The time to hesitate is through
No time to wallow in the mire
Try now we can only lose
And our love become a funeral pyre
Come on baby, light my fire
Come on baby, light my fire
Try to set the night on fire, yeah

Did you sound like a retard? Come on, be honest...
(, Thu 30 Dec 2010, 12:43, 18 replies)
Bullet For My Valentine
need a bullet through the head......allahu akbar!
(, Thu 30 Dec 2010, 12:30, Reply)
My mates band once supported Towers of London in Aberdeen.
The whole thing was the most tedious display of wankerism I've ever seen.
They were upstairs (the stage etc was in the basement, place was Kef for any Aberb3tans) at the bar for a good 45 mins after they were supposed to be on stage.
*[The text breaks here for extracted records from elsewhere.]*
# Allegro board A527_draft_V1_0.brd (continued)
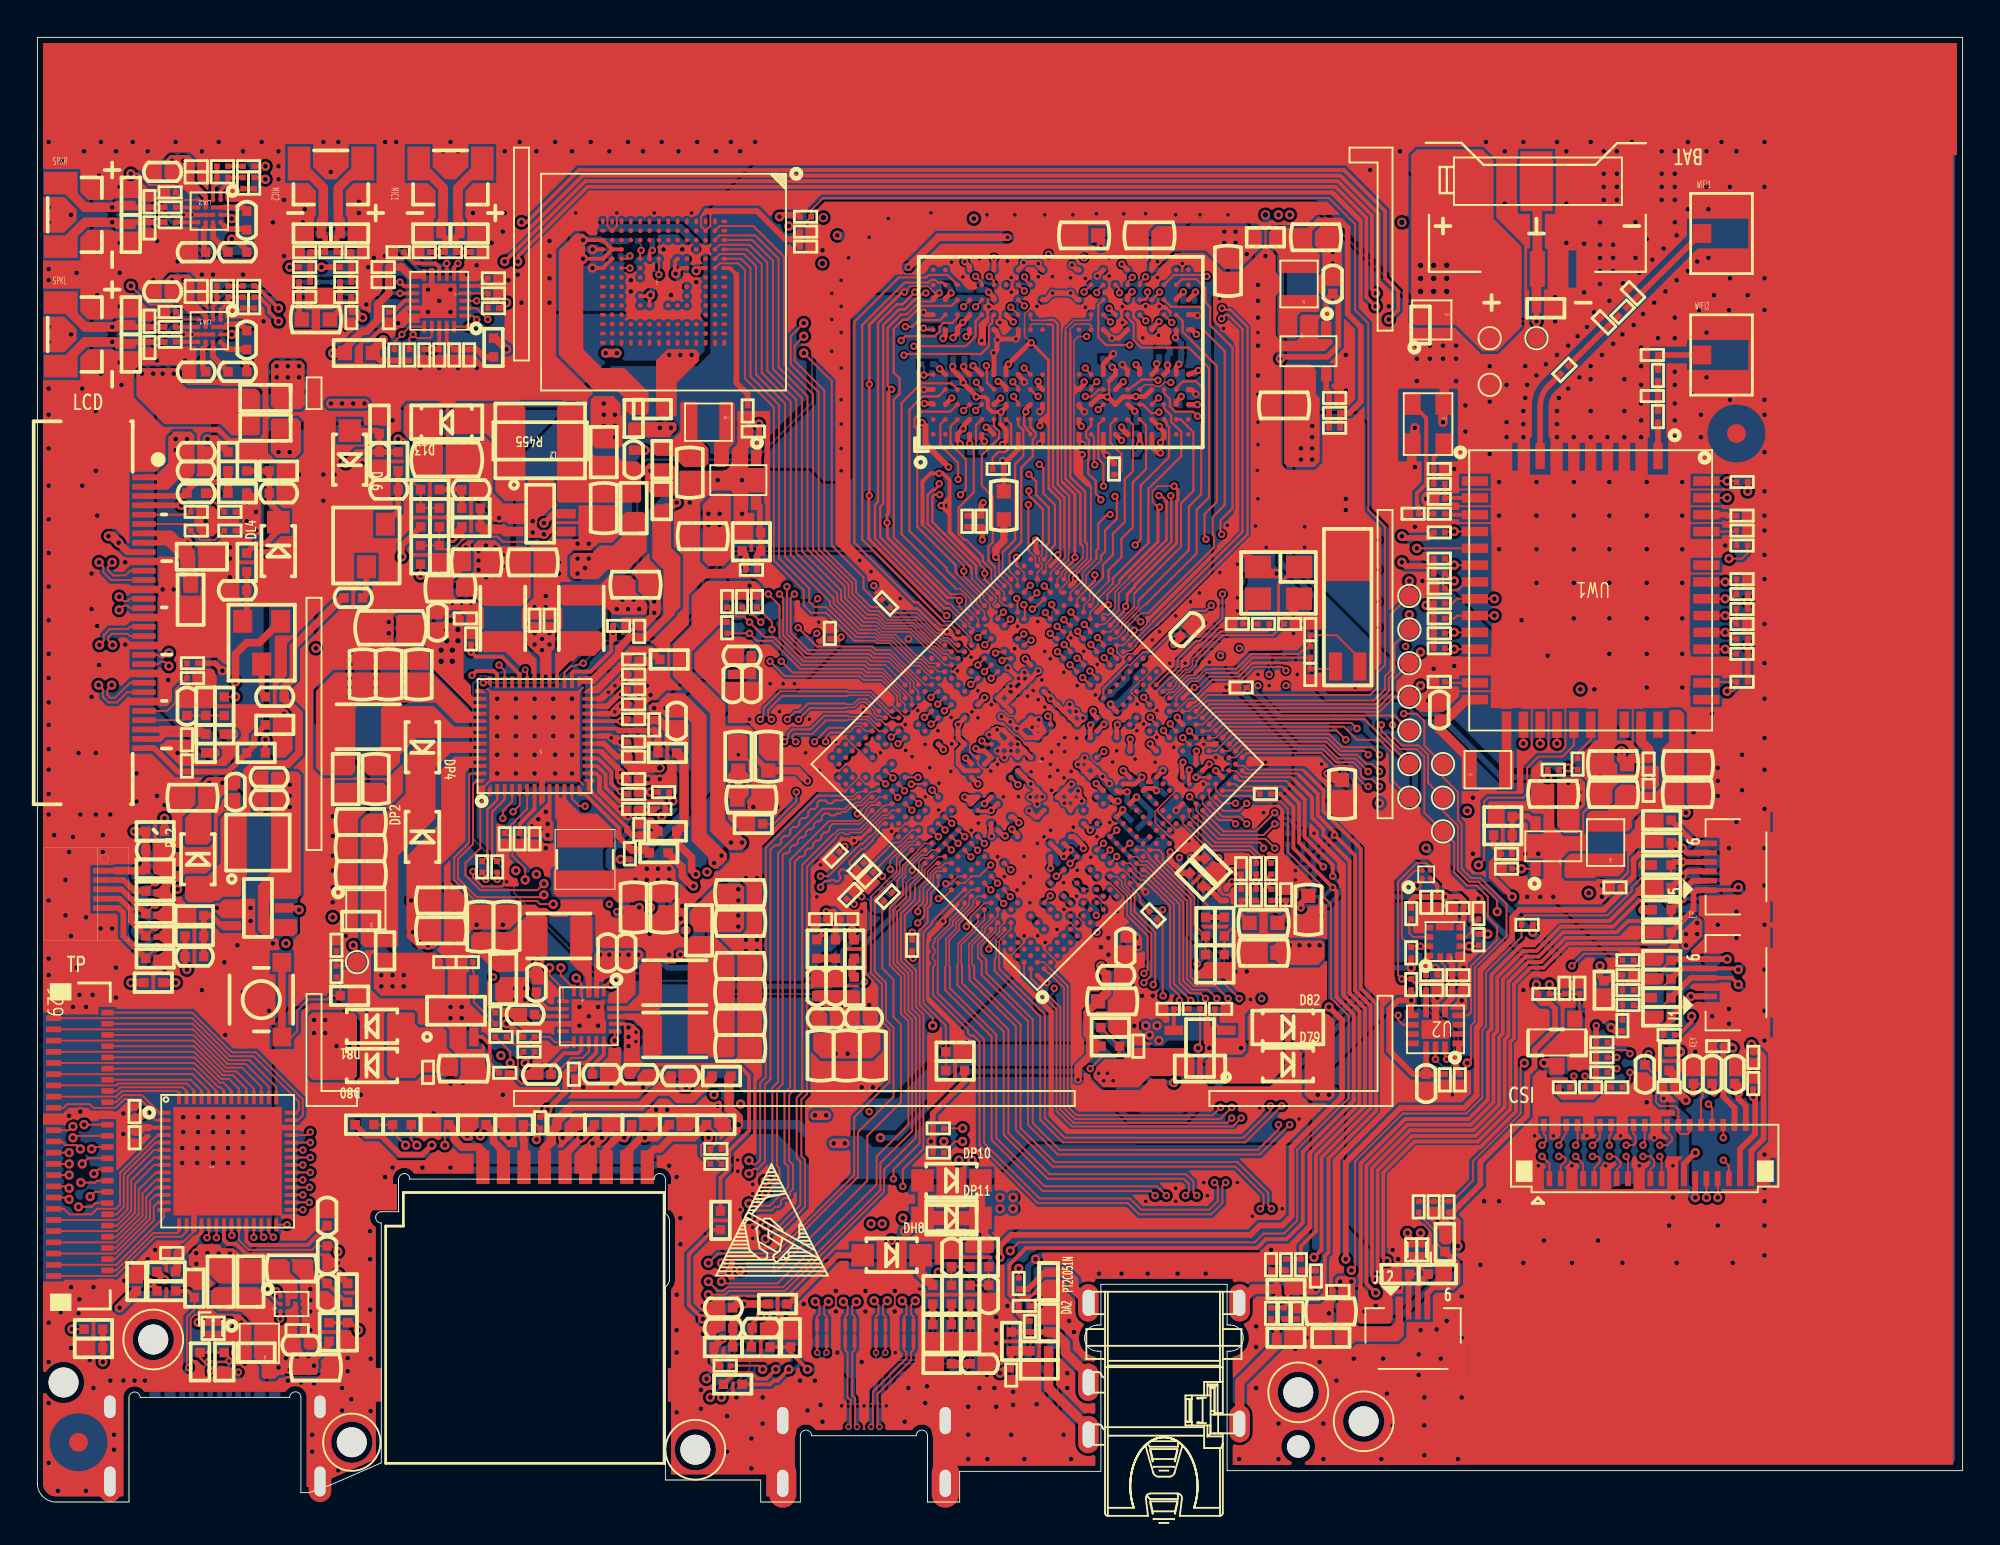
[diagram p0: board, top side]
## Nets (continued)
CLDO2: BL1.1 CP38.1 RL35.2 RL36.2 RL37.2 UP1.24(CLDO2)
CLDO3: C49.1 C50.1 C55.1 C56.1 C61.1 C91.1 C92.1 C93.1 C96.1 C97.1 C98.1 C100.1 C101.1 C102.1 C104.1 C105.1 C106.1 CM1.1 CM6.1 CP149.1 R6.2 R21.1 R22.1 R23.1 R24.1 R28.1 R29.1 R30.2 R31.2 R33.2 R35.2 R41.1 R42.1 R47.2 RA29.1 RC2.1 RC3.2 RC4.2 RH4.1 RL33.1 RL34.1 RP28.2 RP32.1 RP34.1 RP77.1 TP21.1(TP) U1.AC9(VDD33) U1.AE16(VCC-PI) U1.J18(VCC33-18-USB-2) U1.L15(VCC-IO) U1.L17(VCC33-USB-2) U1.L26(VCC-PD) U1.P9(VCC-PJ) U2.5(VDDIO) U2.8(VDD) U2.12(CS) U5.B1(VDD) U6.5(LEDA) U7.3(VDDIO) U7.7(VDD) UM1.E6(VCC1) UM1.F5(VCC2) UM1.J10(VCC3) UM1.K9(VCC4) UP8.14(PWRON)
CLDO4: CP42.1 CP67.2 RP31.1 UP1.27(CLDO4) UP7.1(EN)
CODEC0-AVDD: CA47.1 CA48.1 CA53.1 CA54.1 RA29.2 RA31.2 UA3.10(AVCC) UA3.18(VCC_DIO)
CPUS-TCK: TP33.1(TP) U1.AL7(PL5/S-JTAG-CK/S-CAN-RX0/S-PWM-5) U2.4(INT1/INT)
CPUS-TDI: RP43.2 TP35.1(TP) U1.AM8(PL7/S-JTAG-DI/S-PWM-7/I2S0-DOUT) UP5.1(EN)
CPUS-TDO: TP34.1(TP) U1.AN8(PL6/S-JTAG-DO/S-PWM-6/I2S0-DIN1) U2.9(INT2)
CPUS-TMS: TP32.1(TP) U1.AM7(PL4/S-JTAG-MS/S-CAN-TX0/S-PWM-4)
CPUS-TX: TP30.1(TP) U1.AN7(PL2/S-UART0-TX/S-UART1-TX/S-PWM)
CPUSLDO: C1.1 C2.1 CP20.1 RP33.1 U1.AC15(VDD-CPUS) UP1.28(CPUSLDO)
CPUX-RX: TP25.1(TP) U1.R29(PB10/UART0-RX/TWI0-SDA/PWM-1/I2)
CPUX-TCK: R23.2 TP26.1(TP) U1.N29(PB1/UART2-RX/SPI2-CLK/JTAG-CK/L)
CPUX-TDI: R21.2 TP23.1(TP) U1.M32(PB3/UART2-CTS/SPI2-MISO/JTAG-DI)
CPUX-TDO: R24.2 TP27.1(TP) U1.M31(PB2/UART2-RTS/SPI2-MOSI/JTAG-DO)
CPUX-TMS: R22.2 TP24.1(TP) U1.N28(PB0/UART2-TX/SPI2-CS0/JTAG-MS/L)
CPUX-TX: TP22.1(TP) U1.R28(PB9/UART0-TX/TWI0-SCK/TRACE-DAT)
CPVDD: C70.1 U1.AJ3(CPVDD)
CPVEE: C71.1 U1.AJ4(VEE) U1.AK2(CPVEE)
CTP-INT: DL7.2(CATHODE) JL4.2 TP8.1(TP) U1.C16(PH9/DMIC-DATA0/SPI2-CLK/I2S2-BC) UL3.22(IRQ)
CTP-RST: CL27.1 DL10.2(CATHODE) JL4.5 TP11.1(TP) U1.B16(PH10/DMIC-DATA1/SPI2-MOSI/I2S2-) UL3.23(SHUTDOWN)
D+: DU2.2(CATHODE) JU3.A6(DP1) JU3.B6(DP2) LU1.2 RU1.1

They came on and called the audience every name under the sun, "sang" whatever shit it was they called music, spat on the crowd then smashed a microphone up because it cut off. They then stomped off stage and refused to come back on, thank heaven for small mercies.

Another band that were utterly dire were "The Hold steady" when they supported the Counting Crows in Glasgow. Couldn't make out what the singer was rambling on about, he just sweated and jiggled across the stage. The entire crowd were stone cold silent and they cheered when someone threw a plastic cup of beer at the stage. We were at the front of the crowd and my mate looked at me and shook his head. The bass player spotted him and when he looked back at the stage the bass player just gave him an apologetic shrug.
(, Thu 30 Dec 2010, 12:30, 2 replies)
i know

Edit crap six aren't a band
(, Thu 30 Dec 2010, 12:27, Reply)
ruining drum and bass for everyone since 2005...
(, Thu 30 Dec 2010, 12:27, 7 replies)
you know, the ones who talk through the gig the whole time and/or take photographs through their shitty phones.
(, Thu 30 Dec 2010, 12:20, 9 replies)
The one I used to play in
We were always drunk, half the 'gigs' we went to we didn't play because one or another or all of us would be so shitfaced or stoned that we couldn't play.

We did only covers of shit random stuff that guaranteed we'd play at least one song every time that everyone hated (e.g., Dead flowers by the stones, followed by green onions, followed by something by level 42).

On a few occasions we just stopped halfway through, and all switched instruments for the fun of it. This would be OK, but none of us were any good with any other instrument, so it was even more cocophonous than usual.

We were only ever invited to play at parties etc as a bit of a joke (dude, you gotta hear this next band, they're fucking horrible!). Our pinnacle of fame was the day we played on the same lineup as the Osric tentacles. In fact we didn't play becuase I got stoned and fell asleep in a field, and the bass guitarist got caught siphoning petrol from someones camper van and broke his finger in the ensuing melee.

Ah, good times . . .
(, Thu 30 Dec 2010, 12:15, 2 replies)

(, Thu 30 Dec 2010, 12:08, Reply)
After 1995!

Yeah, it seems that everything produced these days is nothing but bland mindless puppet pop.